Select and reproduce each line of the listing below that bears the string "Commented".
STUDY MATERIAL START
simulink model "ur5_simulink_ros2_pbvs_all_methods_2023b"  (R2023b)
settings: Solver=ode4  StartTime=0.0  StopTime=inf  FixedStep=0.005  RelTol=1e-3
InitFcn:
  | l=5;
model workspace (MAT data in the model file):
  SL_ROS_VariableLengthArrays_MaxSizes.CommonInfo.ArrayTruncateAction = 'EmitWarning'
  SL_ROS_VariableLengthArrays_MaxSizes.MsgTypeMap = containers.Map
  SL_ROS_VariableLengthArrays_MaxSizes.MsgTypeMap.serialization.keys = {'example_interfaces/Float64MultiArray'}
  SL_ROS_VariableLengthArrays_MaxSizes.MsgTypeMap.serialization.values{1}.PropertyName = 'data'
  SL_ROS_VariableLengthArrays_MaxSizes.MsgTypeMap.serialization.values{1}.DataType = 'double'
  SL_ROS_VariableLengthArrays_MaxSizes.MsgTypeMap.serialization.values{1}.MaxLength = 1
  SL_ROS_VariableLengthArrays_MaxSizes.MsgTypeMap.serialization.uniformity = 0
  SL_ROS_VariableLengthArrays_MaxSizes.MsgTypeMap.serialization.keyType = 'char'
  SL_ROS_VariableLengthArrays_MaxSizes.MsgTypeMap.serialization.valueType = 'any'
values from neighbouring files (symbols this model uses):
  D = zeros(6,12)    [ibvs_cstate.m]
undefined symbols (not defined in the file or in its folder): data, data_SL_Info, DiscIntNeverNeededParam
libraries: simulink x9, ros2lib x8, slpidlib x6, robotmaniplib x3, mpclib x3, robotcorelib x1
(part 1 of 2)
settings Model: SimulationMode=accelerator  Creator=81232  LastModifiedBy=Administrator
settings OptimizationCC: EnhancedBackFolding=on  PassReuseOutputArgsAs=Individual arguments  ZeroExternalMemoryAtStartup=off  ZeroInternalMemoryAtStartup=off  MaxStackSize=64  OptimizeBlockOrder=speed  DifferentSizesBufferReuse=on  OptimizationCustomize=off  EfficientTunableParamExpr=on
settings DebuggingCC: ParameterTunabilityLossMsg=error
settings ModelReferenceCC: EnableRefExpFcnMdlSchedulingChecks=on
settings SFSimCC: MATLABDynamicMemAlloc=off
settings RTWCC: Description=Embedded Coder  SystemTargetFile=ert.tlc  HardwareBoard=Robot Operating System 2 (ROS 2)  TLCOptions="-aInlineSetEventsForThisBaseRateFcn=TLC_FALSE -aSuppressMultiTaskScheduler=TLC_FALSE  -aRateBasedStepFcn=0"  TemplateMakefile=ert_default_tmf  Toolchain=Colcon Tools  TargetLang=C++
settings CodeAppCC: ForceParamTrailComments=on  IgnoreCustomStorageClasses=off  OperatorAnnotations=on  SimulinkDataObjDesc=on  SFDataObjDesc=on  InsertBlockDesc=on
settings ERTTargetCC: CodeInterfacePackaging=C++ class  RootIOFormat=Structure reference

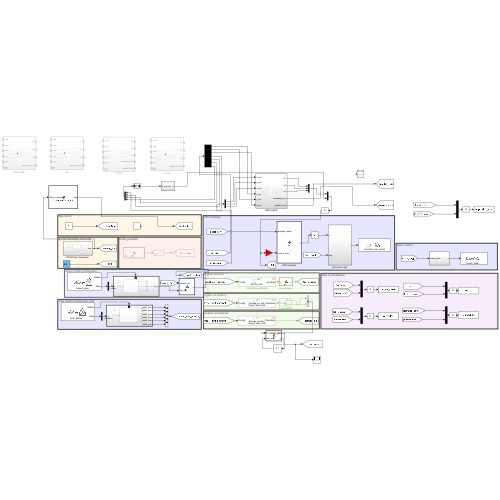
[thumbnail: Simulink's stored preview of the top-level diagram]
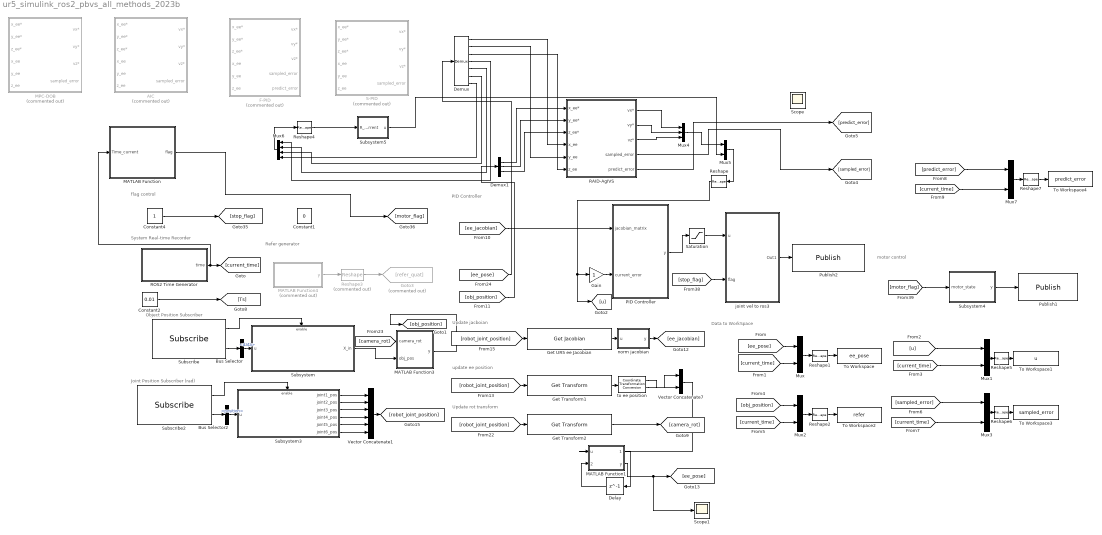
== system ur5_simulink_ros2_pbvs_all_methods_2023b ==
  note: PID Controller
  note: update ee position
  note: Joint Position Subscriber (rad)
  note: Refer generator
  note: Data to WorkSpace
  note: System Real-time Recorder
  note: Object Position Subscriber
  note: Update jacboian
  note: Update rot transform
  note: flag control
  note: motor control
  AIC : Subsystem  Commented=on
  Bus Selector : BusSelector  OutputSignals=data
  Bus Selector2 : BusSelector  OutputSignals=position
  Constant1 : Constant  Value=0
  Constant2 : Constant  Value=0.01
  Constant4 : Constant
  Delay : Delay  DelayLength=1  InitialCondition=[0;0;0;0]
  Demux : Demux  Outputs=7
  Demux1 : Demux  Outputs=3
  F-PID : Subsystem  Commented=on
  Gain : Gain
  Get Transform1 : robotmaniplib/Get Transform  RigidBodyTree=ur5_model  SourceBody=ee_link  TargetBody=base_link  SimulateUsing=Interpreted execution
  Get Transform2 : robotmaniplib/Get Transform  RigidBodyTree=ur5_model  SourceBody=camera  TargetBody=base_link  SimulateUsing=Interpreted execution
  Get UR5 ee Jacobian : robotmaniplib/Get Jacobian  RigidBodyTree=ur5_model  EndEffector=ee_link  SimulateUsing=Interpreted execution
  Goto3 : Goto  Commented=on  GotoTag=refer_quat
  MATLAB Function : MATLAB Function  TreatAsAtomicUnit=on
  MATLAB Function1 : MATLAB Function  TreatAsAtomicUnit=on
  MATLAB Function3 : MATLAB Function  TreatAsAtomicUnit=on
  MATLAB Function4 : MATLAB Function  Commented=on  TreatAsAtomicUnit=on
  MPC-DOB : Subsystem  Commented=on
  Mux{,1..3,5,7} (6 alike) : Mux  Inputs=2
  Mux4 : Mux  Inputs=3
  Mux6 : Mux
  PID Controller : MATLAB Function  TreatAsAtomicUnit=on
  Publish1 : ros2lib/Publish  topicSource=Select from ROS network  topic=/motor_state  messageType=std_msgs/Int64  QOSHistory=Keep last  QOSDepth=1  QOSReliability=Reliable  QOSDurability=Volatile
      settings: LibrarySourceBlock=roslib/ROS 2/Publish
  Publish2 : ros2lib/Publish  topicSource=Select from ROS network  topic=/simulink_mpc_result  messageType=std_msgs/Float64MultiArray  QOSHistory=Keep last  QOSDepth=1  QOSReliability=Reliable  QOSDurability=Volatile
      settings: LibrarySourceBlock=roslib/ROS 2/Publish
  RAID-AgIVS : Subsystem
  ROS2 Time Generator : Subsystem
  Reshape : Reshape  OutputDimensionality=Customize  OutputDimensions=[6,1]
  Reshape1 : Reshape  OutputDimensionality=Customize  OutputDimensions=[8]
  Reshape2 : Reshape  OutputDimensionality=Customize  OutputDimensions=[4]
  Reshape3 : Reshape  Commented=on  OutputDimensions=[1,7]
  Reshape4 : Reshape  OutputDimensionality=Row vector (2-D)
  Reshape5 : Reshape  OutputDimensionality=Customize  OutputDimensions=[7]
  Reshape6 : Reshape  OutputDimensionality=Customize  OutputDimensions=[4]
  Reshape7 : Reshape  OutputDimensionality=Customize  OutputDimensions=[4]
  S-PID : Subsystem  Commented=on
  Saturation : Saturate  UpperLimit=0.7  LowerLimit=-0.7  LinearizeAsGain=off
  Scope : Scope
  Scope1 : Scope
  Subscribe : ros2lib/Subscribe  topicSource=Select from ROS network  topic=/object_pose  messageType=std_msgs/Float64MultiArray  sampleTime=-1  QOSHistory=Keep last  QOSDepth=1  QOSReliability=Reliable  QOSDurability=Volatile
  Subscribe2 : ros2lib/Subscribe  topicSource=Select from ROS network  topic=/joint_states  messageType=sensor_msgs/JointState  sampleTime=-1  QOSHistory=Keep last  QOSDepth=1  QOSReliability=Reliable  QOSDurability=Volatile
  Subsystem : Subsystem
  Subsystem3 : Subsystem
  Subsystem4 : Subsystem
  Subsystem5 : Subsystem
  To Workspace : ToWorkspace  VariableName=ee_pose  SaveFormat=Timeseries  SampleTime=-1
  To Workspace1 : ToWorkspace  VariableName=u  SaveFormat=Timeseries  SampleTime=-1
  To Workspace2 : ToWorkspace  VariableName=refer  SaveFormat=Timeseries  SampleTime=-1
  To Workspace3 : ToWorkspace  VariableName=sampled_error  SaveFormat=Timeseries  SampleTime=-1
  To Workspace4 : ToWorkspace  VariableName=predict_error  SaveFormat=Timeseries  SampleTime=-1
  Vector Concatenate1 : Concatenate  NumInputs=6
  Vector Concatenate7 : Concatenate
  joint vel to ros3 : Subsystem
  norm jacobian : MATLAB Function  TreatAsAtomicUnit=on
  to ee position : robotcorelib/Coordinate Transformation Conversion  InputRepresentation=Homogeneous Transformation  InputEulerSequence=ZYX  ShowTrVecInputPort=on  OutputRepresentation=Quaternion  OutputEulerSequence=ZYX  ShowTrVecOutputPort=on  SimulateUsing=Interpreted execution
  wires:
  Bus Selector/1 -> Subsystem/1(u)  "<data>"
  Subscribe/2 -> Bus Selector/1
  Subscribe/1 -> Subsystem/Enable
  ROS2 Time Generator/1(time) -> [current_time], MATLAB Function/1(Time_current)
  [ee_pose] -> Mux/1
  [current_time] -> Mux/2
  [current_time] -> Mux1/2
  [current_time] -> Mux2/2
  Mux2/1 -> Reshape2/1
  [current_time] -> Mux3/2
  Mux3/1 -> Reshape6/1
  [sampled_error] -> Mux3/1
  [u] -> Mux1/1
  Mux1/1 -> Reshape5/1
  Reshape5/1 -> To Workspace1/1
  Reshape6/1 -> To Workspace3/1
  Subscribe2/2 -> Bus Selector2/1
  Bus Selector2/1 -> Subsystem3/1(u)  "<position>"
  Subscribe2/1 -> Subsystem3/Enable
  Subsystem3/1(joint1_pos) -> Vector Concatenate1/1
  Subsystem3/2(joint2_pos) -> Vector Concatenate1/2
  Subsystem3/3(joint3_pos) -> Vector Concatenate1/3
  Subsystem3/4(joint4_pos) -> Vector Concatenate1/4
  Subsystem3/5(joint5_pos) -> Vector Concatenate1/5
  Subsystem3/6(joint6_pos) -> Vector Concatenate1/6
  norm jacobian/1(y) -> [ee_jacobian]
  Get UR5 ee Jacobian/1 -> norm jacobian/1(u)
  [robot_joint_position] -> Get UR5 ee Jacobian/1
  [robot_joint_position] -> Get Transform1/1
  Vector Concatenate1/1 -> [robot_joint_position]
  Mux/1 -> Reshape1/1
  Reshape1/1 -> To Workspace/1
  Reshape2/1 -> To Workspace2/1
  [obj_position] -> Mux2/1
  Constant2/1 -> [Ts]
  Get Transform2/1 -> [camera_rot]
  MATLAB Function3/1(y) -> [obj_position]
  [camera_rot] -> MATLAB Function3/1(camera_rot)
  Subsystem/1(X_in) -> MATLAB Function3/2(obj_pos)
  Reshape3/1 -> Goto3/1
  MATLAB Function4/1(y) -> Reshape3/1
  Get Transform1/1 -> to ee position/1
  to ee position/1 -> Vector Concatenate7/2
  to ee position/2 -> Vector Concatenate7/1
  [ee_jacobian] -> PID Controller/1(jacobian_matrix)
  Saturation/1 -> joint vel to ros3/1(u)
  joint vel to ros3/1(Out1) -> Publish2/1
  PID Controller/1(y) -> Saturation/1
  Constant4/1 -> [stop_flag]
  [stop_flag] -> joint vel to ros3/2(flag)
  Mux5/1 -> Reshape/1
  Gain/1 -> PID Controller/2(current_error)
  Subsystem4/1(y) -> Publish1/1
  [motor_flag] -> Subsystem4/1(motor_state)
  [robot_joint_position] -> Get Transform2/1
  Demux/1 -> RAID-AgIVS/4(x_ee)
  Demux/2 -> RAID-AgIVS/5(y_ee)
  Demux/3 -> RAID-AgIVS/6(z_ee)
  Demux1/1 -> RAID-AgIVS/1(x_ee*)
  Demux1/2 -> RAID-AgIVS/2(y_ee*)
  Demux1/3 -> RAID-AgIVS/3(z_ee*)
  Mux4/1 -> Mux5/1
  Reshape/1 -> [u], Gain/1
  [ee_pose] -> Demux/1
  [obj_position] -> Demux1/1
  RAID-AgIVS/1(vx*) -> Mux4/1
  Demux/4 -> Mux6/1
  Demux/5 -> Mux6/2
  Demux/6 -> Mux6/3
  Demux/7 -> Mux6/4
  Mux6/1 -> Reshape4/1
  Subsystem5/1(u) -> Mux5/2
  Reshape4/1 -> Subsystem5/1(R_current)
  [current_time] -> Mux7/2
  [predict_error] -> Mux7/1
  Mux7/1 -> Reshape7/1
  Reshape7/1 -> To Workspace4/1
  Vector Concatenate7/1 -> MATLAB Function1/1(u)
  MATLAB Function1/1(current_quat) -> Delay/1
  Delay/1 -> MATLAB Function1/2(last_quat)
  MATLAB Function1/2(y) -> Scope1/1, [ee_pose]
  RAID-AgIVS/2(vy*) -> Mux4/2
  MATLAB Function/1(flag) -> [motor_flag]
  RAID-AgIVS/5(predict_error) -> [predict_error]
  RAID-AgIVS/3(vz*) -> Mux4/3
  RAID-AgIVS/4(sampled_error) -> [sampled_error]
STUDY MATERIAL END
## [WRITTEN ANSWER]
  AIC : Subsystem  Commented=on
  F-PID : Subsystem  Commented=on
  Goto3 : Goto  Commented=on  GotoTag=refer_quat
  MATLAB Function4 : MATLAB Function  Commented=on  TreatAsAtomicUnit=on
  MPC-DOB : Subsystem  Commented=on
  Reshape3 : Reshape  Commented=on  OutputDimensions=[1,7]
  S-PID : Subsystem  Commented=on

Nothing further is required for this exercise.